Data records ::
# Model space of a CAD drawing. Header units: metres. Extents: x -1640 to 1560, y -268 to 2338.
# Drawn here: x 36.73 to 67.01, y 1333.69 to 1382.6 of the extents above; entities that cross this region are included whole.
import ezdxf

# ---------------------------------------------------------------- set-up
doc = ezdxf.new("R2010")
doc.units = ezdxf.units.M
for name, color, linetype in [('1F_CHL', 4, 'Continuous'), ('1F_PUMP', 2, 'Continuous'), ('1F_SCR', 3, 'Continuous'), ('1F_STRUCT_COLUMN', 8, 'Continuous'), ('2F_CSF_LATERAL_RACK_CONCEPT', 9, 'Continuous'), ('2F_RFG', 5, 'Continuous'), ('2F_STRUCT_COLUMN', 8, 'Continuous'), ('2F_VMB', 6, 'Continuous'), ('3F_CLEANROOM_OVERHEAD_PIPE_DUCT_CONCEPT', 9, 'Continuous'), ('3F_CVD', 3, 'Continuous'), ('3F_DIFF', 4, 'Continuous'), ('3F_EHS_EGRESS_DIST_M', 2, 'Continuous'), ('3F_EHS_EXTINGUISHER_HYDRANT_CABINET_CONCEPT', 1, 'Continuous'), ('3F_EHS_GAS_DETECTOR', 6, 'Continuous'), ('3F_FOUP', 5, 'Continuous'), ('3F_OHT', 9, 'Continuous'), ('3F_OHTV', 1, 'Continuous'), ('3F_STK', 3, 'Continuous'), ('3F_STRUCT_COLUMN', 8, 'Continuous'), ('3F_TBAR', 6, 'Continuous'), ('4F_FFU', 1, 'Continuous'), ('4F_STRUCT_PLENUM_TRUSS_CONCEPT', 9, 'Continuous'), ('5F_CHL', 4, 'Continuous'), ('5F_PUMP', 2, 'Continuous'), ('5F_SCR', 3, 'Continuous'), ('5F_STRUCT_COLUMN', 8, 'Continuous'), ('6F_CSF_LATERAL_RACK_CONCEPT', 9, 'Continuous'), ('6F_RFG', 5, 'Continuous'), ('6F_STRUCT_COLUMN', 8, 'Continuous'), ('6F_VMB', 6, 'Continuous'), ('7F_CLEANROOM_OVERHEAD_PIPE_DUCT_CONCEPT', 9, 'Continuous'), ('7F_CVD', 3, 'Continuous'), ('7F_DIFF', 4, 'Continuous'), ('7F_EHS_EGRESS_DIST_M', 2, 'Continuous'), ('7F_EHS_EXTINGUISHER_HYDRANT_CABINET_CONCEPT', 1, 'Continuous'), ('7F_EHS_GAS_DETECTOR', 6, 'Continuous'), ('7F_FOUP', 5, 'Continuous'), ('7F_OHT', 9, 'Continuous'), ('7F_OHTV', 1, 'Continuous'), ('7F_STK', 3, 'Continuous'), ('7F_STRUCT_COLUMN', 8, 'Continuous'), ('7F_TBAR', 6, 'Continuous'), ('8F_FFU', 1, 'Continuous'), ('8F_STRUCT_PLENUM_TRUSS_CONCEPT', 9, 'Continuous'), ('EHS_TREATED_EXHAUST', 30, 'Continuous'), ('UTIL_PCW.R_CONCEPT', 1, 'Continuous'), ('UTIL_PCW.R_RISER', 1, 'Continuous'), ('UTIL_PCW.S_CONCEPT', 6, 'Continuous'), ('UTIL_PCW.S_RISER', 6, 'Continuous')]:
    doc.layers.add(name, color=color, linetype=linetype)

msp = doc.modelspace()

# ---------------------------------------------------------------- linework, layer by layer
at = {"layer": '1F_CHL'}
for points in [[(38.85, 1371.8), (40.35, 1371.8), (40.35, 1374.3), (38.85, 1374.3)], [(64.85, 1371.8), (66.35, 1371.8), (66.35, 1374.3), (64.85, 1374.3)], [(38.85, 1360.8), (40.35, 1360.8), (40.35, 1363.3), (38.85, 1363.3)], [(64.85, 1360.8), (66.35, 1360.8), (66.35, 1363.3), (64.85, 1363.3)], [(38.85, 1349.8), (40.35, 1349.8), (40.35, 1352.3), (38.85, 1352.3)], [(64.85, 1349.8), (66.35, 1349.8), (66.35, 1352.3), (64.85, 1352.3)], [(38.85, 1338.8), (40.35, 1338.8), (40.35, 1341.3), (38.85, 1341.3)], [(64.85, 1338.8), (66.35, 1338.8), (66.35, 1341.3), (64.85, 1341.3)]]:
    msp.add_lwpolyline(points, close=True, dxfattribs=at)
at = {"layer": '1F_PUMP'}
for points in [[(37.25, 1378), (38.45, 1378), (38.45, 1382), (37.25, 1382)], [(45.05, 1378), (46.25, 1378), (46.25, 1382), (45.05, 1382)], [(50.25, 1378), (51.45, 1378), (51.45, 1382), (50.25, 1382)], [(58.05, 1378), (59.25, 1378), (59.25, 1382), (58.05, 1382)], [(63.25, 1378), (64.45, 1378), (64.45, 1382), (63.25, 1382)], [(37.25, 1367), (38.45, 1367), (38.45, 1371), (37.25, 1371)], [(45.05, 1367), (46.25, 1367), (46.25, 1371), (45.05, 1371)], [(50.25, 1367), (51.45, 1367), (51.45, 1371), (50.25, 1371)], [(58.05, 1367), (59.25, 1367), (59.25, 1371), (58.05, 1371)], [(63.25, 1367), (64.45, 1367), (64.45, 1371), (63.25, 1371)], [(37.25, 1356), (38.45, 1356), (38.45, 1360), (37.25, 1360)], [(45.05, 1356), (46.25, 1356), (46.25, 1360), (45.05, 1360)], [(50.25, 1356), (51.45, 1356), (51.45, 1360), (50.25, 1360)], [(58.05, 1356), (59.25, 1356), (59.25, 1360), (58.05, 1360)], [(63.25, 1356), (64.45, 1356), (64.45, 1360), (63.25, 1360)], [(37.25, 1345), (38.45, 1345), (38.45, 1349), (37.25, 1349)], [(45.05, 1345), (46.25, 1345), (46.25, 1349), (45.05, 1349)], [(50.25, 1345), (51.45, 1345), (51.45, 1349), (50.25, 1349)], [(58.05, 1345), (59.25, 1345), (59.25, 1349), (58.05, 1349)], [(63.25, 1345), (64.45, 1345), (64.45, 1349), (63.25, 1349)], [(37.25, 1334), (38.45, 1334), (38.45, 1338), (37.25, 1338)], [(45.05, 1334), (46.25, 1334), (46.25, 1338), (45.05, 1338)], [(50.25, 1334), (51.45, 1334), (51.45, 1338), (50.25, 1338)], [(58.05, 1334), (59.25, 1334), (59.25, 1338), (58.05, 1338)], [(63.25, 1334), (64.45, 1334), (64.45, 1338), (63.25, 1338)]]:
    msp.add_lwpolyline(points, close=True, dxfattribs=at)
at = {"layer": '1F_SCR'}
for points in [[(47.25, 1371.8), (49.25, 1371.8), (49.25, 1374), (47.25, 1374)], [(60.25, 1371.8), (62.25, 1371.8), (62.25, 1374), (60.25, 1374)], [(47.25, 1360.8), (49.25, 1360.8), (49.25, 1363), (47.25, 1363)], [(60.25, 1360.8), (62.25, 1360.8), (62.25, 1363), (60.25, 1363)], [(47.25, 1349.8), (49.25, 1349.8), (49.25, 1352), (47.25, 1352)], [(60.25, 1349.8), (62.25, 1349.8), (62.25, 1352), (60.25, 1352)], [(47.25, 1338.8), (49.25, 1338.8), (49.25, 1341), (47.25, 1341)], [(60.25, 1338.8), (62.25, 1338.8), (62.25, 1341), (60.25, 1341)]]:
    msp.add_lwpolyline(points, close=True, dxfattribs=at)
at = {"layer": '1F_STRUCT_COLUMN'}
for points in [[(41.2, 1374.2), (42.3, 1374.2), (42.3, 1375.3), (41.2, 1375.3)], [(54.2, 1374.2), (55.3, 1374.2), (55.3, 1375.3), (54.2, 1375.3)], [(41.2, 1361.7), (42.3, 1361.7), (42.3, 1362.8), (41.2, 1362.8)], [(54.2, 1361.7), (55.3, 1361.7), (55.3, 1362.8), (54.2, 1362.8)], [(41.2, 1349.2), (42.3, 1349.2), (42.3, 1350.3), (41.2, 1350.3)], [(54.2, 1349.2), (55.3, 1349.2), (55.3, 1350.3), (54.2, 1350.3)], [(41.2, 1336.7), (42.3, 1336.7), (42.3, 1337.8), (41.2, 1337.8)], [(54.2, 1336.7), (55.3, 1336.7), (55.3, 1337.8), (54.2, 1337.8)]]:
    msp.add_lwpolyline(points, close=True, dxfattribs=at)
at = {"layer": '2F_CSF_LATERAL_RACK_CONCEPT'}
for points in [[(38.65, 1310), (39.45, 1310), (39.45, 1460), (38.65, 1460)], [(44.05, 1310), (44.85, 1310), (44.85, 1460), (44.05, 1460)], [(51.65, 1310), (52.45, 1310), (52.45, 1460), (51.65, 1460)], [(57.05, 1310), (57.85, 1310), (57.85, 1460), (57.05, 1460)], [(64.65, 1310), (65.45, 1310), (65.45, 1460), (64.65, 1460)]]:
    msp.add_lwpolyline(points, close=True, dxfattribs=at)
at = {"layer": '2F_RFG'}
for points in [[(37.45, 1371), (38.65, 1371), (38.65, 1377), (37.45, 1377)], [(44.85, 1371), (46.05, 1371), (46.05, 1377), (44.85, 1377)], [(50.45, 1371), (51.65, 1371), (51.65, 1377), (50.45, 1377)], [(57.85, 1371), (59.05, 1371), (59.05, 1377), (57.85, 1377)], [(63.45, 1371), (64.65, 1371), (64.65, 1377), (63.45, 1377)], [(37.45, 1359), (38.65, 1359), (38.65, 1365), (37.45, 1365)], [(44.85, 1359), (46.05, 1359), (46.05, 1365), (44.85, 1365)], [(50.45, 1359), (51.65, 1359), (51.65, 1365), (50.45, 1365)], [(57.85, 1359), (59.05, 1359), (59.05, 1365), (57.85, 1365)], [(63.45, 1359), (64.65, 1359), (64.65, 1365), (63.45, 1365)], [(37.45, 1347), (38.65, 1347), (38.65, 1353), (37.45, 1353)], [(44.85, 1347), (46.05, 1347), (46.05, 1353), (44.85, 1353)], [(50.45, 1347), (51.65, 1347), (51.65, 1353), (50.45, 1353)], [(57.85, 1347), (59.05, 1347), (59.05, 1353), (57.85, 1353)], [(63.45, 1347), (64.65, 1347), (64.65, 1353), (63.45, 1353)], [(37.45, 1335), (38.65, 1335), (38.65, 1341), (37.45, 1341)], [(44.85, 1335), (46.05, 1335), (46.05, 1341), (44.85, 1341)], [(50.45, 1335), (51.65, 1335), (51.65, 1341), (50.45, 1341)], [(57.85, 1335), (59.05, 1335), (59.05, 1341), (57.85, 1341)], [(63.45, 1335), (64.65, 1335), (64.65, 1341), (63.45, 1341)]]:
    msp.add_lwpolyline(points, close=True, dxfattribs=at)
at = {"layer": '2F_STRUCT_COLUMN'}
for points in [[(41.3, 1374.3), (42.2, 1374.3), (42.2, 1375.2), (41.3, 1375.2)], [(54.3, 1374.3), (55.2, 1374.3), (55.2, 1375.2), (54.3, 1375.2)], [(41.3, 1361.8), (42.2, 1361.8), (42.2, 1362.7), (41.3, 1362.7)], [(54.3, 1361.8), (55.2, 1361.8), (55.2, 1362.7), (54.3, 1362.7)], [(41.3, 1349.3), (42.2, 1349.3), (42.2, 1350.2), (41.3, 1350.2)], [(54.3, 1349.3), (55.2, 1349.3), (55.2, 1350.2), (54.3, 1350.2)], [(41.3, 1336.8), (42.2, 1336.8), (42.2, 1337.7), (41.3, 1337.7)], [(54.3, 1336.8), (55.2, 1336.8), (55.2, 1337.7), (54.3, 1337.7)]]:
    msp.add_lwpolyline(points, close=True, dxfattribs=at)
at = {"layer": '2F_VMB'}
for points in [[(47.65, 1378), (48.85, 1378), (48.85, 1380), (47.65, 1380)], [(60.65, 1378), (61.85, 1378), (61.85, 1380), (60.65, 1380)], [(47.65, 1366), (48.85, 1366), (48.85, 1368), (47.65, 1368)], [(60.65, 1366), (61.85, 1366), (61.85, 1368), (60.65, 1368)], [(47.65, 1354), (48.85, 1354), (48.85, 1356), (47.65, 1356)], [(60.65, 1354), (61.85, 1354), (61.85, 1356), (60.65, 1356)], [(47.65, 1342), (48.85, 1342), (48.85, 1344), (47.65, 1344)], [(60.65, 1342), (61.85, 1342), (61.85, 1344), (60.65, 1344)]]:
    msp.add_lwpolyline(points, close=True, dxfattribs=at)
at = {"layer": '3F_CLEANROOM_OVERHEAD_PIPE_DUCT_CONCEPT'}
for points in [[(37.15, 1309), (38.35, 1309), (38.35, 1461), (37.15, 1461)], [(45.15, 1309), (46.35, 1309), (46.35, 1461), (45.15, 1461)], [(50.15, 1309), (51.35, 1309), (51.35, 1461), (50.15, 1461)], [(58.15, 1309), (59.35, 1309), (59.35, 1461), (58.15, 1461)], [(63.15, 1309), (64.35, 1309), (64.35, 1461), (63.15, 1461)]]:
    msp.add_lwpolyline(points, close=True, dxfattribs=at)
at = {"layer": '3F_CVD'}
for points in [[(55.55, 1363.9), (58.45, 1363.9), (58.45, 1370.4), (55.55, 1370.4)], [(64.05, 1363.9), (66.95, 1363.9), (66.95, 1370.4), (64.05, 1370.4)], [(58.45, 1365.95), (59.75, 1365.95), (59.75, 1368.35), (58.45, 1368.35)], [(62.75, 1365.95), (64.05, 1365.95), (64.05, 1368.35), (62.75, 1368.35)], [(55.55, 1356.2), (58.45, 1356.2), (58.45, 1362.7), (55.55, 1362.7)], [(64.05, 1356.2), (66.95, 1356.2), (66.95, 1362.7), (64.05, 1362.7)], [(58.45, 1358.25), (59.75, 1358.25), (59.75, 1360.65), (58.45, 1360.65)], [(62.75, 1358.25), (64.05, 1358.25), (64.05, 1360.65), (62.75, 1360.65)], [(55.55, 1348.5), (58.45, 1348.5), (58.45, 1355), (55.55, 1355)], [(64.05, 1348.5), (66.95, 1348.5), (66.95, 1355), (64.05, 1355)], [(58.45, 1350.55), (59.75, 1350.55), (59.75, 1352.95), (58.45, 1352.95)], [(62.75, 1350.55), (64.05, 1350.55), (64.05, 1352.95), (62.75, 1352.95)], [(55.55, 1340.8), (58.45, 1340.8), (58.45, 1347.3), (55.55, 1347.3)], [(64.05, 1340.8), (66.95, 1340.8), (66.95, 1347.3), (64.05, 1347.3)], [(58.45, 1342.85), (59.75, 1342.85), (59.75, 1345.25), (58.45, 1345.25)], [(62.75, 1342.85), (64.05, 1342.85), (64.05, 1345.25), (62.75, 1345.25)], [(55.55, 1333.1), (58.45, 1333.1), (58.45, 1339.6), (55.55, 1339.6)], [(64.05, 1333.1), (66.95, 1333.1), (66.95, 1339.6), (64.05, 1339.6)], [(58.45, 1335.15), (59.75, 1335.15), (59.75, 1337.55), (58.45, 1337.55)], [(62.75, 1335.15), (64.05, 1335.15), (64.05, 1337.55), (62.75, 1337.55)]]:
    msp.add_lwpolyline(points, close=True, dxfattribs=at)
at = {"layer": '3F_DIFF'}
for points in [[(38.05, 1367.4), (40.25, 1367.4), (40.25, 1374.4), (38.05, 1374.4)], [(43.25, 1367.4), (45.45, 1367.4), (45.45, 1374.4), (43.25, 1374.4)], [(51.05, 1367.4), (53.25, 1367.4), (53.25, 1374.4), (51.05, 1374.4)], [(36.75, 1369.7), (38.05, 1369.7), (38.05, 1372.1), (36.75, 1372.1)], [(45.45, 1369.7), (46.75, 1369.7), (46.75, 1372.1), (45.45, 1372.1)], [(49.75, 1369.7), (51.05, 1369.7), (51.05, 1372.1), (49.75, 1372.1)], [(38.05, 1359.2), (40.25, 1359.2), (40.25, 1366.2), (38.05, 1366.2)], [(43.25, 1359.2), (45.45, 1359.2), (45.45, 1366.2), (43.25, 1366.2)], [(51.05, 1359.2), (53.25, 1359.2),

Task goal ::
Please copy each line of the entries in which the word "ezdxf" shows up.

Exercise output ::
import ezdxf
doc = ezdxf.new("R2010")
doc.units = ezdxf.units.M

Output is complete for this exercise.